-- Opening Marker --

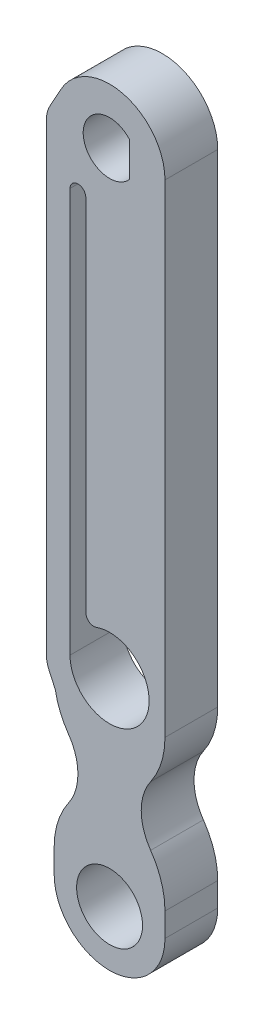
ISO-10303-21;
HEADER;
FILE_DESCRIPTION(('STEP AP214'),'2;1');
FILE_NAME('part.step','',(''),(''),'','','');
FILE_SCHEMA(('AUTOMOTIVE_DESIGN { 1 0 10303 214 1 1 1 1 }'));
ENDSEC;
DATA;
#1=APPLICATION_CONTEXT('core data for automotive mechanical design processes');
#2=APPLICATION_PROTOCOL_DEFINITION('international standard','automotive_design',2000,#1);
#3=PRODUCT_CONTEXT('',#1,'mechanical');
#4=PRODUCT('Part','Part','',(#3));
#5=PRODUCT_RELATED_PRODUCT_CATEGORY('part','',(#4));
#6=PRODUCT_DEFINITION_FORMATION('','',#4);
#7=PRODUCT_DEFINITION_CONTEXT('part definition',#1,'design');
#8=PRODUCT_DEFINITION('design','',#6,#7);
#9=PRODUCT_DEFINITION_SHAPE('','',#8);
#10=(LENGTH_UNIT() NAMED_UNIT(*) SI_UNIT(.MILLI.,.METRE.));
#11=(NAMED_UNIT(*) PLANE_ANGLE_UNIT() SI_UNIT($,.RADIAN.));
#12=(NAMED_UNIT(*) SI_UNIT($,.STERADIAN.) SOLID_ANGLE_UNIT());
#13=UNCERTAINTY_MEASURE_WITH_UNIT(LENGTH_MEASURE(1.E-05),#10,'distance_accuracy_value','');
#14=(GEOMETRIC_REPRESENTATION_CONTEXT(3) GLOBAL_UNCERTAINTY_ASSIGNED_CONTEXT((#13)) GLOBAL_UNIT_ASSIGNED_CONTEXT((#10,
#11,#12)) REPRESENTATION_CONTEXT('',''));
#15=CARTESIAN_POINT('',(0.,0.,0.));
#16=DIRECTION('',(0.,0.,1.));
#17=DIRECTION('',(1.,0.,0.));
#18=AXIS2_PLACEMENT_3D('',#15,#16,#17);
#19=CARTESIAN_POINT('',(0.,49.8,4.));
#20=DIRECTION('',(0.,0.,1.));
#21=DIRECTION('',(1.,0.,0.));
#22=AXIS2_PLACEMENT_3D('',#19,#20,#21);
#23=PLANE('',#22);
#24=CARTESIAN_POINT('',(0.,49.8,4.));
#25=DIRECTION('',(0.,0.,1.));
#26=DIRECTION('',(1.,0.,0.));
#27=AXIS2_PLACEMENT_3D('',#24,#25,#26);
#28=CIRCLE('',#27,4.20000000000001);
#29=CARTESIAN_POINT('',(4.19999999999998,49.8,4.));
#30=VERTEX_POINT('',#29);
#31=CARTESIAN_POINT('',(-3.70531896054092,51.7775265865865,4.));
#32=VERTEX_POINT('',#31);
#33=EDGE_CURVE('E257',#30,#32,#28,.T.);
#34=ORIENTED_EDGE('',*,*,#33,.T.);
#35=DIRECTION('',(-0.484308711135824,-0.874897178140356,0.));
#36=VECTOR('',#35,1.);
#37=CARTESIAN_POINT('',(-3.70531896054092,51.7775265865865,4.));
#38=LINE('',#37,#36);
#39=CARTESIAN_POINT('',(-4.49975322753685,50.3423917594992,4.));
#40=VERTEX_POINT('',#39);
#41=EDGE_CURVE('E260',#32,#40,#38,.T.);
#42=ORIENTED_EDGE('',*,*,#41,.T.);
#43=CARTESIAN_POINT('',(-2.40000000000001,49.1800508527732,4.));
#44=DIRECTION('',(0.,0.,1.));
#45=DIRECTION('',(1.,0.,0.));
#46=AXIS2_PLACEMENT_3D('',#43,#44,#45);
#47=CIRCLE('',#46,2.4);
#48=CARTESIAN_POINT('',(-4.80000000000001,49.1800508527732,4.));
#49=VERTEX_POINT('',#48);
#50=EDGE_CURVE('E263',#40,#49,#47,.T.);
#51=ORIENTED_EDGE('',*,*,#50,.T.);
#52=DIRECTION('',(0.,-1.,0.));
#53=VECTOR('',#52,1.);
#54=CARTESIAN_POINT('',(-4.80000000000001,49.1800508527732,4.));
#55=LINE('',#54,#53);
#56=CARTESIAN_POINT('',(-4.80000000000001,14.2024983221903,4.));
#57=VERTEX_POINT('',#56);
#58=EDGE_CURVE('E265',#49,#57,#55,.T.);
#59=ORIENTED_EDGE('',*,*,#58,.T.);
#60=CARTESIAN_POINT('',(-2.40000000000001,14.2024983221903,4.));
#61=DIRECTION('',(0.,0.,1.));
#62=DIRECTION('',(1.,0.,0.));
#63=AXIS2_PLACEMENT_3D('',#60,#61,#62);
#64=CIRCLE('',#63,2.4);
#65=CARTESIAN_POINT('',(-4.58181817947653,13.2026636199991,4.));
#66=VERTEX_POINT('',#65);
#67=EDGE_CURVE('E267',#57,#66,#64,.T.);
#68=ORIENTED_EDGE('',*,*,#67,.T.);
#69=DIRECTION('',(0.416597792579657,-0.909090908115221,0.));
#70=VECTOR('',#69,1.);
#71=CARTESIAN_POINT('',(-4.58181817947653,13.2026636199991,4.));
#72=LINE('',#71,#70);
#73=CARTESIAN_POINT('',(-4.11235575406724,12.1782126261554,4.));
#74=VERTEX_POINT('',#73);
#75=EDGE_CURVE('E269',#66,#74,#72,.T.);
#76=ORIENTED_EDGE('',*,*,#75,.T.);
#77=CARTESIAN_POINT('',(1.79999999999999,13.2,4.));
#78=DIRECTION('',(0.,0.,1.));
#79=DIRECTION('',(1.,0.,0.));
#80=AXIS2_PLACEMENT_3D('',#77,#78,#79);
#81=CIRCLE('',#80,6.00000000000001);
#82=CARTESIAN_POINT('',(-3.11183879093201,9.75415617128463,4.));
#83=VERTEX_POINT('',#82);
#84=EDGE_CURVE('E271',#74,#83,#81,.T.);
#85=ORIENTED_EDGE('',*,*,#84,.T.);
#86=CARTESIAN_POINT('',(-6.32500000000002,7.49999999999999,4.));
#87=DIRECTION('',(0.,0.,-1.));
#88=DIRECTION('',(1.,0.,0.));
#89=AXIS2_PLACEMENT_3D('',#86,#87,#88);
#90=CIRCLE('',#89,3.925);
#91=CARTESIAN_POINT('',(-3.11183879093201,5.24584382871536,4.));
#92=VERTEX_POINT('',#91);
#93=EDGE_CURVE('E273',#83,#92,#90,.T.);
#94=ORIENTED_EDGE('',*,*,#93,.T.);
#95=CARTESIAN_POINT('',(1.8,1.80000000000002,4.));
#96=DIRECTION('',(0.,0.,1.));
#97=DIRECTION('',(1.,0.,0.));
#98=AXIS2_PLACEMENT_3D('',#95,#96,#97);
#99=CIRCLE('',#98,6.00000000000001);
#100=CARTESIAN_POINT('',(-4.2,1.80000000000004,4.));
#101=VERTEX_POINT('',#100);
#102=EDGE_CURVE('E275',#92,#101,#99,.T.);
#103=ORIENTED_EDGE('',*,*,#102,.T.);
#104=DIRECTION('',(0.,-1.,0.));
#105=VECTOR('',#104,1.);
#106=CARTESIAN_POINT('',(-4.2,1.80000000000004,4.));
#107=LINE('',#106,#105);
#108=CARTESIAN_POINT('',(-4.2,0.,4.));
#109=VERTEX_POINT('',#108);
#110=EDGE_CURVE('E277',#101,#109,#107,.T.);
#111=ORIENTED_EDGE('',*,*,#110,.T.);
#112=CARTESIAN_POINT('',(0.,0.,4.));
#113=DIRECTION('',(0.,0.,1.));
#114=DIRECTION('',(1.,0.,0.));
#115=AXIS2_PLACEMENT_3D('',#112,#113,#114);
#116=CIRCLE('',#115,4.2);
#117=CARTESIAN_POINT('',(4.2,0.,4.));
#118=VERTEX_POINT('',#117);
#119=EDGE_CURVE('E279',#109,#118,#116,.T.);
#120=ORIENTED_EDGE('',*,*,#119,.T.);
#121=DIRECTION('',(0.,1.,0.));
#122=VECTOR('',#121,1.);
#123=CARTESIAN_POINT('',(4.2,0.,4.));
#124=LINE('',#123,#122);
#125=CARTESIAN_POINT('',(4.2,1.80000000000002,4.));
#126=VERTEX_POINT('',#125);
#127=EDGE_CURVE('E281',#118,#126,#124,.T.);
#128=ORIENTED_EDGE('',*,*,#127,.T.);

-- Closing Marker --

**WHAT IS NEEDED**. Using the data above, reproduce exactly the lines from the line that contains "#84=EDGE_CURVE('E271',#74,#83,#81,.T.);" through the line that contains "#107=LINE('',#106,#105);", including both.

**ANSWER SECTION**.
#84=EDGE_CURVE('E271',#74,#83,#81,.T.);
#85=ORIENTED_EDGE('',*,*,#84,.T.);
#86=CARTESIAN_POINT('',(-6.32500000000002,7.49999999999999,4.));
#87=DIRECTION('',(0.,0.,-1.));
#88=DIRECTION('',(1.,0.,0.));
#89=AXIS2_PLACEMENT_3D('',#86,#87,#88);
#90=CIRCLE('',#89,3.925);
#91=CARTESIAN_POINT('',(-3.11183879093201,5.24584382871536,4.));
#92=VERTEX_POINT('',#91);
#93=EDGE_CURVE('E273',#83,#92,#90,.T.);
#94=ORIENTED_EDGE('',*,*,#93,.T.);
#95=CARTESIAN_POINT('',(1.8,1.80000000000002,4.));
#96=DIRECTION('',(0.,0.,1.));
#97=DIRECTION('',(1.,0.,0.));
#98=AXIS2_PLACEMENT_3D('',#95,#96,#97);
#99=CIRCLE('',#98,6.00000000000001);
#100=CARTESIAN_POINT('',(-4.2,1.80000000000004,4.));
#101=VERTEX_POINT('',#100);
#102=EDGE_CURVE('E275',#92,#101,#99,.T.);
#103=ORIENTED_EDGE('',*,*,#102,.T.);
#104=DIRECTION('',(0.,-1.,0.));
#105=VECTOR('',#104,1.);
#106=CARTESIAN_POINT('',(-4.2,1.80000000000004,4.));
#107=LINE('',#106,#105);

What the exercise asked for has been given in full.